Optimal Betting Strategy question

It's not a full solution, but for a fixed bet amount $k$, so the states/fortune increments are multiples of $k$ the mean first hitting time of the next state (e.g. you start with $X$ coins, $s_0 = X, s_1 = X+k$),

$$\mathbf{E}T_{s_0, s_1}= \sum_{j=1}^{2k+1}\mathbf{E}[T_{s_0, s_1}|D_j]P(D_j)$$

where $D_j$ is the number of days it took to reach the new state. Since you bet every day, the number has to be odd, e.g. $P(D_1)=p_1, P(D_3) = (1-p_1)p_2p_3$, and so on.

Again, it's not a full solution, perhaps there are better approaches (m.b. using Geometric probability/Coupon Collector's Problem), but this will get you started hopefully.,


I don't think there is a general strategy for problems like this unless there is a lot of symmetry (constant probability of heads) or a lot of throws. In your example, you need to increase your capital by a factor $10$, so three wins do not suffice. One approach is to count on winning four, decline to bet the $0.2$, and bet enough that four wins gets you the increase you need. That has a probability of success of $0.105$. You might as well bet your whole bankroll each time, because one loss guarantees you fail anyway.

The other approach is to try and succeed if you get four wins and one loss. If you bet a fraction $f$ of your capital you will have $(1+f)^4(1-f)$ times your capital at the end. We would need that to be $10$, so we solve $(1+f)^4(1-f)=(1+f)^3(1-f^2)=10$. The $1+f$ terms are at most $2$, and the $1-f^2$ term is at most $1$, so there is no solution. Follow the first approach.


Partial solution:

Let $(x_1,...,x_n)\in [-1,1]$ be our sequence of bets on the $n$ days, with $x_i$ meaning that we bet $100|x_i|\%$ of our current capital, with the bet being on head if $x_i>0$, and on tails if $x_i<0$.

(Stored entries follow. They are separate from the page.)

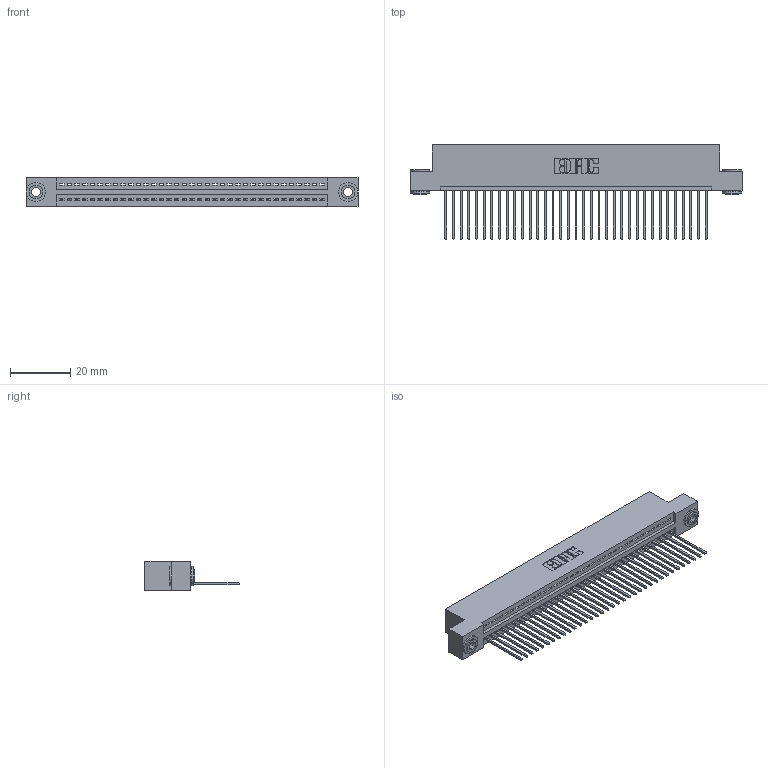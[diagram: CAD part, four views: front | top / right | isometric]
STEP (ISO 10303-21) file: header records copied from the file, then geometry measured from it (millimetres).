
FILE_DESCRIPTION (( 'STEP AP203' ), '1' );
FILE_NAME ('395-035-542-103.STEP', '2018-11-13T16:34:47', ( '' ), ( '' ), 'SwSTEP 2.0', 'SolidWorks 2016', '' );
FILE_SCHEMA (( 'CONFIG_CONTROL_DESIGN' ));
Length unit declared in the file: inch
Products named in the file (4): 345 Part_Flush Mounting Lugs - 0.156 Dia-TH; 345-250-002_345-250-002-102; 395-035-542-103; 345-292-001_345-293-142
Assembly tree (38 placements, depth 2):
  395-035-542-103
    345 Part_Flush Mounting Lugs - 0.156 Dia-TH
    345-292-001_345-293-142  x35
    345-250-002_345-250-002-102  x2
Bounding box: 110.11 x 31.29 x 9.4 mm (x, y, z)
Volume: 10498.2 mm3; surface area: 14563 mm2
Topology: 38 solids, 38 shells, 2194 faces, 6577 edges, 4334 vertices
Faces by surface type: plane 1490, cylinder 696, cone 8
Entity records: 27952 total; most frequent: CARTESIAN_POINT 4820, ORIENTED_EDGE 4782, DIRECTION 4251, EDGE_CURVE 2391, LINE 2095, VECTOR 2095, VERTEX_POINT 1590, AXIS2_PLACEMENT_3D 1078

Let $(r_1,...,r_n)\in \{0,1\}$ be the sequence of realizations of the coin, with $r_i=1$ meaning head.

Then the probability that the sequence $(x_1,..,x_n)$ of bets leaves us with a capital of at least $m$ is the sum over all probabilities of realizations $(r_1,...,r_n)$ for which holds $$k \cdot\prod_{i=1}^n (1+x_i\cdot(-1)^{r_i})\ge m$$

So in other words, we obtain the following optimization problem:

$$ \max_{(x_1,...,x_n)\in[-1,1]} \sum_{(r_1,...,r_n)\in \{0,1\}^n} \left(\sum_{i=1}^n \left(1-r_i + p_i·(2·r_i - 1)\right) \delta_{\prod_{i=1}^n (1+x_i\cdot(-1)^{r_i})\ge\frac mk}\right) $$

Where $\delta$ is the Dirac-Delta.

Since the inner sum has $2^n$ summands, this maximization problem is only really solvable for small $n$.

It is probably possible to rewrite this optimization problem to fit better within the existing optimization frameworks, though this goes beyond my knowledge.